Without Policy Changes, a Stable Biosimilars Market "May Not Flourish"

A new brief from Avalere Health argues that, if a multi-source market for biologic drugs is to emerge in the United States, originator biologics and biosimilars must be able to gain market share commensurate to the value they offer to the healthcare system, and a variety of policy options are available to create the necessary conditions for true competition.

In Europe, where the first biosimilar was approved in 2006, say the authors, “competitive biologics have generally gained increasing market share over time,” and biosimilars now make up one-fourth of all biologics sales for product with expired EU patents. While uptake varies by nation, some biosimilars, like filgrastim, have achieved a market penetration of 60% to 80%, and price discounts for some of the earlier and smaller biologic drugs have ranged from 15% to 40%.
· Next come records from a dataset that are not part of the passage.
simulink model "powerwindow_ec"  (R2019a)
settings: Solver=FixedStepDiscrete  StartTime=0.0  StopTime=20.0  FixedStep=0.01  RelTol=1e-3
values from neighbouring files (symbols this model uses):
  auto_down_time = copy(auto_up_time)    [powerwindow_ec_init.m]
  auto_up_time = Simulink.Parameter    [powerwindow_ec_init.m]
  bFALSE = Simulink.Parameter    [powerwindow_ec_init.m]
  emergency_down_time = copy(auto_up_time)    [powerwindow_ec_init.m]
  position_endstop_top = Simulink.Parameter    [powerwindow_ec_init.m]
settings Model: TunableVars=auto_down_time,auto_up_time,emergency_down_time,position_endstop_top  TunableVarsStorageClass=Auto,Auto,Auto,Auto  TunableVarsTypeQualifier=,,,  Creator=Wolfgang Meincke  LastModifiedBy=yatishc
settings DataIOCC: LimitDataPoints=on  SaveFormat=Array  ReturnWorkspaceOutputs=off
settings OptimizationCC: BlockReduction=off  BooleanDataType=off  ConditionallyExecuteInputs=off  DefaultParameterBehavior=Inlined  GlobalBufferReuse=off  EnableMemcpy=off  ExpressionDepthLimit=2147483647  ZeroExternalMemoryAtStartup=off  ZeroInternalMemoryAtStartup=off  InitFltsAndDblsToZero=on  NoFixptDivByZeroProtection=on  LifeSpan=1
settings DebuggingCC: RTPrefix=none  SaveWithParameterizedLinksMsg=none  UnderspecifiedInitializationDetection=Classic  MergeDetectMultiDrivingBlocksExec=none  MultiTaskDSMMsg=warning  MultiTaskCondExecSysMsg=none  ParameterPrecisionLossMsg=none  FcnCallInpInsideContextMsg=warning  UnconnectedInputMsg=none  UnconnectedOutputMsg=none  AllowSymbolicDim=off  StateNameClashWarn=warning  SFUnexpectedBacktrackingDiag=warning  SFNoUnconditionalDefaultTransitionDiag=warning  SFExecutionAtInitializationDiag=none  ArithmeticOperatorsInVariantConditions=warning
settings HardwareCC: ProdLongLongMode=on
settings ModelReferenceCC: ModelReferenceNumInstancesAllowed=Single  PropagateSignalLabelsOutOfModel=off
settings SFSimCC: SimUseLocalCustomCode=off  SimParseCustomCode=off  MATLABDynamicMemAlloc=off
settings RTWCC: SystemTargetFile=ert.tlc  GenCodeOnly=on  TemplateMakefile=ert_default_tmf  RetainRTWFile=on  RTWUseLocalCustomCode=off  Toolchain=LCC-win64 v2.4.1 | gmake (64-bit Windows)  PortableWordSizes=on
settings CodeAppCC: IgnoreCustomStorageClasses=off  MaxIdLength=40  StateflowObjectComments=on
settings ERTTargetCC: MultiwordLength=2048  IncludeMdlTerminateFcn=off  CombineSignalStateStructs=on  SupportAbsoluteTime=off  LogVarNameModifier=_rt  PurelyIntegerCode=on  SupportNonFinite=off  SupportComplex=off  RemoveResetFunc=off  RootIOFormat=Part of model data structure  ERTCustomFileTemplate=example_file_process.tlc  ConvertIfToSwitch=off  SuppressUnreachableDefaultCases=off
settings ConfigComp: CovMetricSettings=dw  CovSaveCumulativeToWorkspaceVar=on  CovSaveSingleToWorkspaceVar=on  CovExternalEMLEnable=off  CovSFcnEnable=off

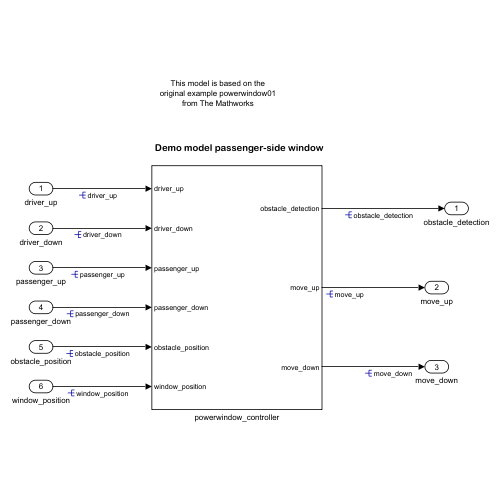
[thumbnail: Simulink's stored preview of the top-level diagram]
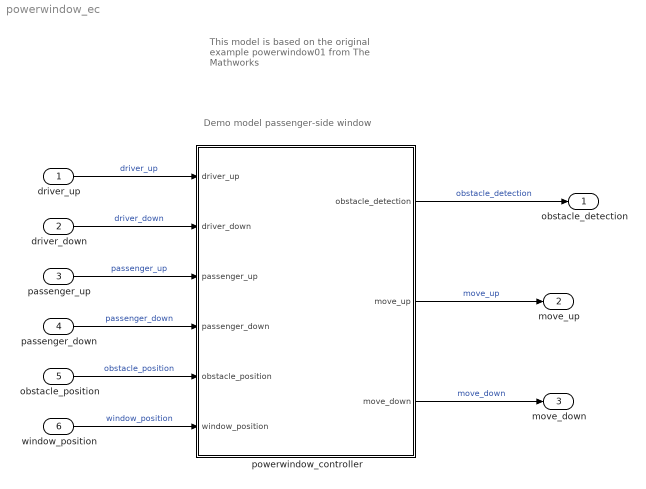
== system powerwindow_ec ==
  note: This model is based on the
      | original example powerwindow01
      | from The Mathworks
  note: Demo model passenger-side window
  driver_up : Inport  OutMin=0  OutMax=1
  driver_down : Inport  Port=2  OutMin=0  OutMax=1
  passenger_up : Inport  Port=3  OutMin=0  OutMax=1
  passenger_down : Inport  Port=4  OutMin=0  OutMax=1
  obstacle_position : Inport  Port=5  OutMin=0  OutMax=0.45  OutDataTypeStr=fixdt(0,16,0.001,0)
  window_position : Inport  Port=6  OutMin=0  OutMax=0.45  OutDataTypeStr=fixdt(0,16,0.001,0)
  powerwindow_controller : Subsystem  RTWFcnName=powerwindow_controller
      settings: RTWSystemCode=Nonreusable function  RTWFcnNameOpts=User specified  RTWFileNameOpts=Use function name
  obstacle_detection : Outport  OutMin=0  OutMax=1  VectorParamsAs1DForOutWhenUnconnected=off
  move_up : Outport  Port=2  OutMin=0  OutMax=1  VectorParamsAs1DForOutWhenUnconnected=off
  move_down : Outport  Port=3  OutMin=0  OutMax=1  VectorParamsAs1DForOutWhenUnconnected=off
  wires:
  driver_up/1 -> powerwindow_controller/1(driver_up)  "driver_up"
  driver_down/1 -> powerwindow_controller/2(driver_down)  "driver_down"
  passenger_up/1 -> powerwindow_controller/3(passenger_up)  "passenger_up"
  passenger_down/1 -> powerwindow_controller/4(passenger_down)  "passenger_down"
  obstacle_position/1 -> powerwindow_controller/5(obstacle_position)  "obstacle_position"
  window_position/1 -> powerwindow_controller/6(window_position)  "window_position"
  powerwindow_controller/1(obstacle_detection) -> obstacle_detection/1  "obstacle_detection"
  powerwindow_controller/2(move_up) -> move_up/1  "move_up"
  powerwindow_controller/3(move_down) -> move_down/1  "move_down"

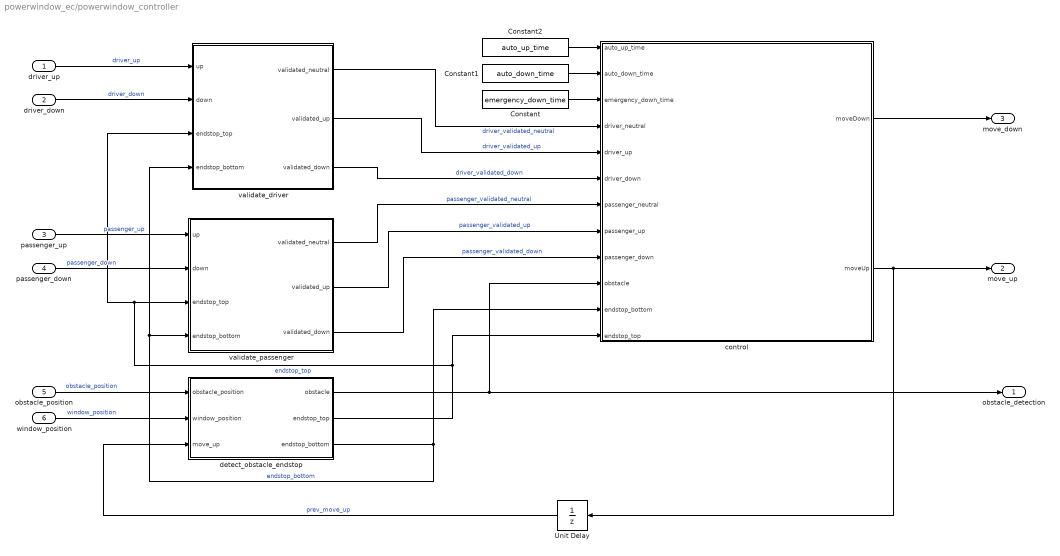
== system powerwindow_ec/powerwindow_controller ==
  driver_up : Inport  RequirementInfo={} %GIDa_c35cf34b_45f5_487d_8434_6977e2d5d2f3  OutMin=0  OutMax=1  OutDataTypeStr=boolean  PortDimensions=1
  driver_down : Inport  RequirementInfo={} %GIDa_825829a4_4c67_4036_abe4_d775b7ffbdb6  Port=2  OutMin=0  OutMax=1  OutDataTypeStr=boolean
  passenger_up : Inport  RequirementInfo={} %GIDa_896a61d0_51a5_427e_b548_01888eb9493f  Port=3  OutMin=0  OutMax=1  OutDataTypeStr=boolean  PortDimensions=1
  passenger_down : Inport  RequirementInfo={} %GIDa_acad868a_9832_4517_80f1_eb2c424aca82  Port=4  OutMin=0  OutMax=1  OutDataTypeStr=boolean  PortDimensions=1
  obstacle_position : Inport  RequirementInfo={} %GIDa_5be180b3_640c_44df_b132_7c12c9dd4782  Port=5  OutMin=0  OutMax=0.45  OutDataTypeStr=fixdt(0,16,0.001,0)  PortDimensions=1
  window_position : Inport  RequirementInfo={} %GIDa_279514cf_fecf_4861_97d0_86738c273b33  Port=6  OutMin=0  OutMax=0.45  OutDataTypeStr=fixdt(0,16,0.001,0)  PortDimensions=1
  Constant : Constant  RequirementInfo={} %GIDa_9514aab4_7290_4656_a952_a9cac9bec120  Value=emergency_down_time  OutMin=0  OutMax=255  OutDataTypeStr=uint8
  Constant1 : Constant  RequirementInfo={} %GIDa_6c74b792_e839_4a12_ac84_86c7d570a533  Value=auto_down_time  OutMin=0  OutMax=255  OutDataTypeStr=uint8
  Constant2 : Constant  RequirementInfo={} %GIDa_27bbea0c_c5f9_4e52_b093_a1cd3ec1797f  Value=auto_up_time  OutMin=0  OutMax=255  OutDataTypeStr=uint8
  Unit Delay : UnitDelay  RequirementInfo={} %GIDa_61c3f994_badd_4b85_b577_84166d45c76a  SampleTime=-1  HasFrameUpgradeWarning=on
  control : Stateflow chart  RequirementInfo={} %GIDa_03dc6751_b1fa_4801_9ce5_d6a4ecb5c081
      settings: FunctionInterfaceSpec=Allow arguments
  detect_obstacle_endstop : Subsystem  Description=""  TreatAsAtomicUnit=on  RTWFcnName=detect_obstacle_endstop
      settings: AttributesFormatString=%<Description>  RTWSystemCode=Nonreusable function  RTWFcnNameOpts=User specified  RTWFileNameOpts=Use subsystem name
  validate_driver : Subsystem  TreatAsAtomicUnit=on  RTWFcnName=validate_driver
      settings: RTWSystemCode=Nonreusable function  RTWFcnNameOpts=User specified  RTWFileNameOpts=Use subsystem name
  validate_passenger : Subsystem  RequirementInfo={} %GIDa_33b218b3_9db5_4fe6_9638_6b05429d8e58  TreatAsAtomicUnit=on  RTWFcnName=validate_passenger
      settings: RTWSystemCode=Nonreusable function  RTWFcnNameOpts=User specified  RTWFileNameOpts=Use function name
  obstacle_detection : Outport  RequirementInfo={} %GIDa_4eefd6fd_6a0d_4232_ac82_ccb47f3c36e3  OutMin=0  OutMax=1  OutDataTypeStr=boolean  PortDimensions=1  VectorParamsAs1DForOutWhenUnconnected=off
  move_up : Outport  RequirementInfo={} %GIDa_cfaa6890_1b09_43c8_9181_c9775bd2e746  Port=2  OutMin=0  OutMax=1  OutDataTypeStr=boolean  PortDimensions=1  VectorParamsAs1DForOutWhenUnconnected=off
  move_down : Outport  RequirementInfo={} %GIDa_e72b7e0a_8232_4793_901f_580fad4f0530  Port=3  OutMin=0  OutMax=1  OutDataTypeStr=boolean  PortDimensions=1  VectorParamsAs1DForOutWhenUnconnected=off
  wires:
  detect_obstacle_endstop/3(endstop_bottom) -> validate_driver/4(endstop_bottom), validate_passenger/4(endstop_bottom), control/11(endstop_bottom)  "endstop_bottom"
  detect_obstacle_endstop/2(endstop_top) -> control/12(endstop_top), validate_driver/3(endstop_top), validate_passenger/3(endstop_top)  "endstop_top"
  validate_passenger/3(validated_down) -> control/9(passenger_down)  "passenger_validated_down"
  validate_passenger/2(validated_up) -> control/8(passenger_up)  "passenger_validated_up"
  validate_passenger/1(validated_neutral) -> control/7(passenger_neutral)  "passenger_validated_neutral"
  validate_driver/3(validated_down) -> control/6(driver_down)  "driver_validated_down"
  validate_driver/2(validated_up) -> control/5(driver_up)  "driver_validated_up"
  validate_driver/1(validated_neutral) -> control/4(driver_neutral)  "driver_validated_neutral"
  Constant/1 -> control/3(emergency_down_time)
  Constant1/1 -> control/2(auto_down_time)
  Constant2/1 -> control/1(auto_up_time)
  control/1(moveDown) -> move_down/1
  control/2(moveUp) -> move_up/1, Unit Delay/1
  detect_obstacle_endstop/1(obstacle) -> control/10(obstacle), obstacle_detection/1
  Unit Delay/1 -> detect_obstacle_endstop/3(move_up)  "prev_move_up"
  window_position/1 -> detect_obstacle_endstop/2(window_position)  "window_position"
  obstacle_position/1 -> detect_obstacle_endstop/1(obstacle_position)  "obstacle_position"
  passenger_down/1 -> validate_passenger/2(down)  "passenger_down"
  passenger_up/1 -> validate_passenger/1(up)  "passenger_up"
  driver_down/1 -> validate_driver/2(down)  "driver_down"
  driver_up/1 -> validate_driver/1(up)  "driver_up"

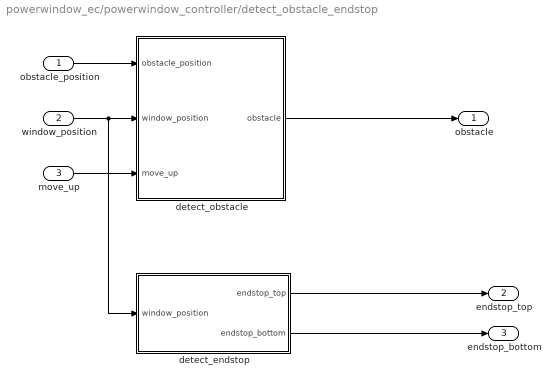
== system powerwindow_ec/powerwindow_controller/detect_obstacle_endstop ==
  obstacle_position : Inport  RequirementInfo={} %GIDa_2c523ff6_7978_4731_916d_ba96442347ee
  window_position : Inport  RequirementInfo={} %GIDa_e1d20317_e3ef_4a09_9a0f_4281293c9f26  Port=2
  move_up : Inport  RequirementInfo={} %GIDa_5f38f6b1_95fb_4aef_ba44_8aaabe685aa5  Port=3
  detect_endstop : Subsystem  RequirementInfo={} %GIDa_2593335f_ebb0_43cf_9a39_2217339a862c
  detect_obstacle : Subsystem  RequirementInfo={} %GIDa_68f09a5d_865e_4d80_9553_6123df56ce2c
  obstacle : Outport  RequirementInfo={} %GIDa_76b93d49_6133_4f74_9957_e79afe91ce74  VectorParamsAs1DForOutWhenUnconnected=off
  endstop_top : Outport  RequirementInfo={} %GIDa_88a654a8_9697_4d16_b6ed_e9fe94316691  Port=2  VectorParamsAs1DForOutWhenUnconnected=off
  endstop_bottom : Outport  RequirementInfo={} %GIDa_79e1bc3d_40d8_4ea1_ab03_899f1380a234  Port=3  VectorParamsAs1DForOutWhenUnconnected=off
  wires:
  detect_endstop/2(endstop_bottom) -> endstop_bottom/1
  detect_endstop/1(endstop_top) -> endstop_top/1
  detect_obstacle/1(obstacle) -> obstacle/1
  obstacle_position/1 -> detect_obstacle/1(obstacle_position)
  window_position/1 -> detect_endstop/1(window_position), detect_obstacle/2(window_position)
  move_up/1 -> detect_obstacle/3(move_up)

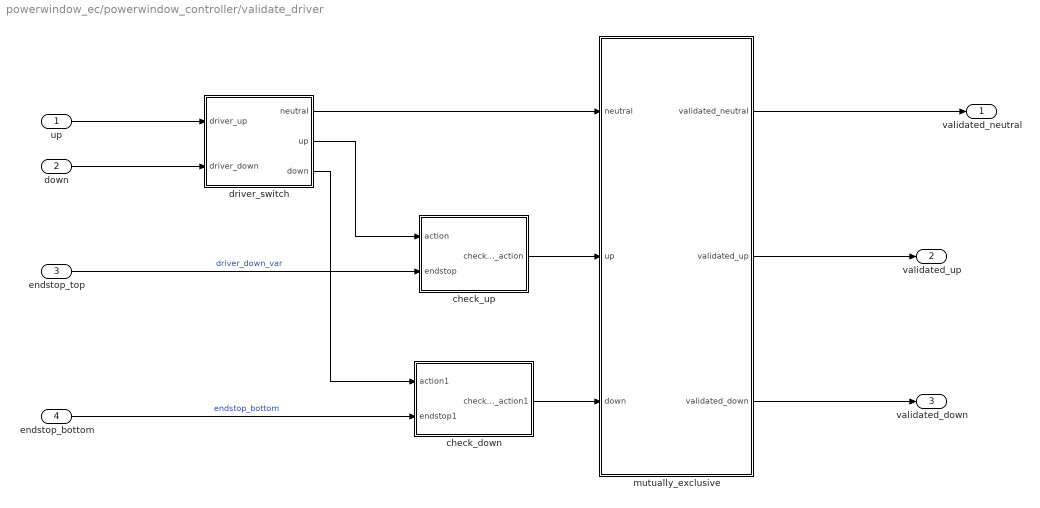
== system powerwindow_ec/powerwindow_controller/validate_driver ==
  up : Inport  RequirementInfo={} %GIDa_0f060a46_f46d_4ca9_9fdd_5b4ef64425ee  OutDataTypeStr=boolean  PortDimensions=1  SampleTime=[0.01,0]
  down : Inport  RequirementInfo={} %GIDa_ee71ce1a_69e4_43ae_938d_beeecc753a79  Port=2  OutDataTypeStr=boolean  PortDimensions=1  SampleTime=[0.01,0]
  endstop_top : Inport  RequirementInfo={} %GIDa_950bdb33_ed63_463b_ae82_db42f04fc79f  Port=3  OutDataTypeStr=boolean  PortDimensions=1  SampleTime=[0.01,0]
  endstop_bottom : Inport  RequirementInfo={} %GIDa_82fa3d1b_deb6_4fcf_98df_c73a1f0760dd  Port=4  OutDataTypeStr=boolean  PortDimensions=1  SampleTime=[0.01,0]
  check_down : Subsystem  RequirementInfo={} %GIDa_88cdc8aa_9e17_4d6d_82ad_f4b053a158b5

European nations have used a variety of policies to drive the biosimilars market; Norway and Denmark use a tender system that has resulted in a 70% negotiated discount for infliximab biosimilars. Germany uses a prescribing quota and provider education programs, which have resulted in 50% volume uptake of biosimilars. In the United Kingdom, where the National Institute for Health and Care Excellence conducts health technology assessments for drugs used in its national system, biosimilars have driven price reductions of 25% for infliximab, 18% for epoetin, and 8% for filgrastim. UK patient access has increased by 104% for filgrastim since the advent of biosimilars.

By contrast, Ireland, which has thus far not implemented proactive policies to encourage biosimilar use, has seen little associated uptake. The nation is now undertaking an effort to create a more sustainable environment for biologics, and it is encouraging physician-directed switching.

Other highly regulated markets have employed their own incentives and have seen degrees of success; Australia uses a system in which the Pharmaceutical Benefits Advisory Committee may designate biosimilars as being subject to automatic pharmacy-level substitution on a product-by-product basis. Individual switching, notes Avalere, has been limited in Australia, as patients have fixed co-payment amounts that do not incentivize nonmedical switches.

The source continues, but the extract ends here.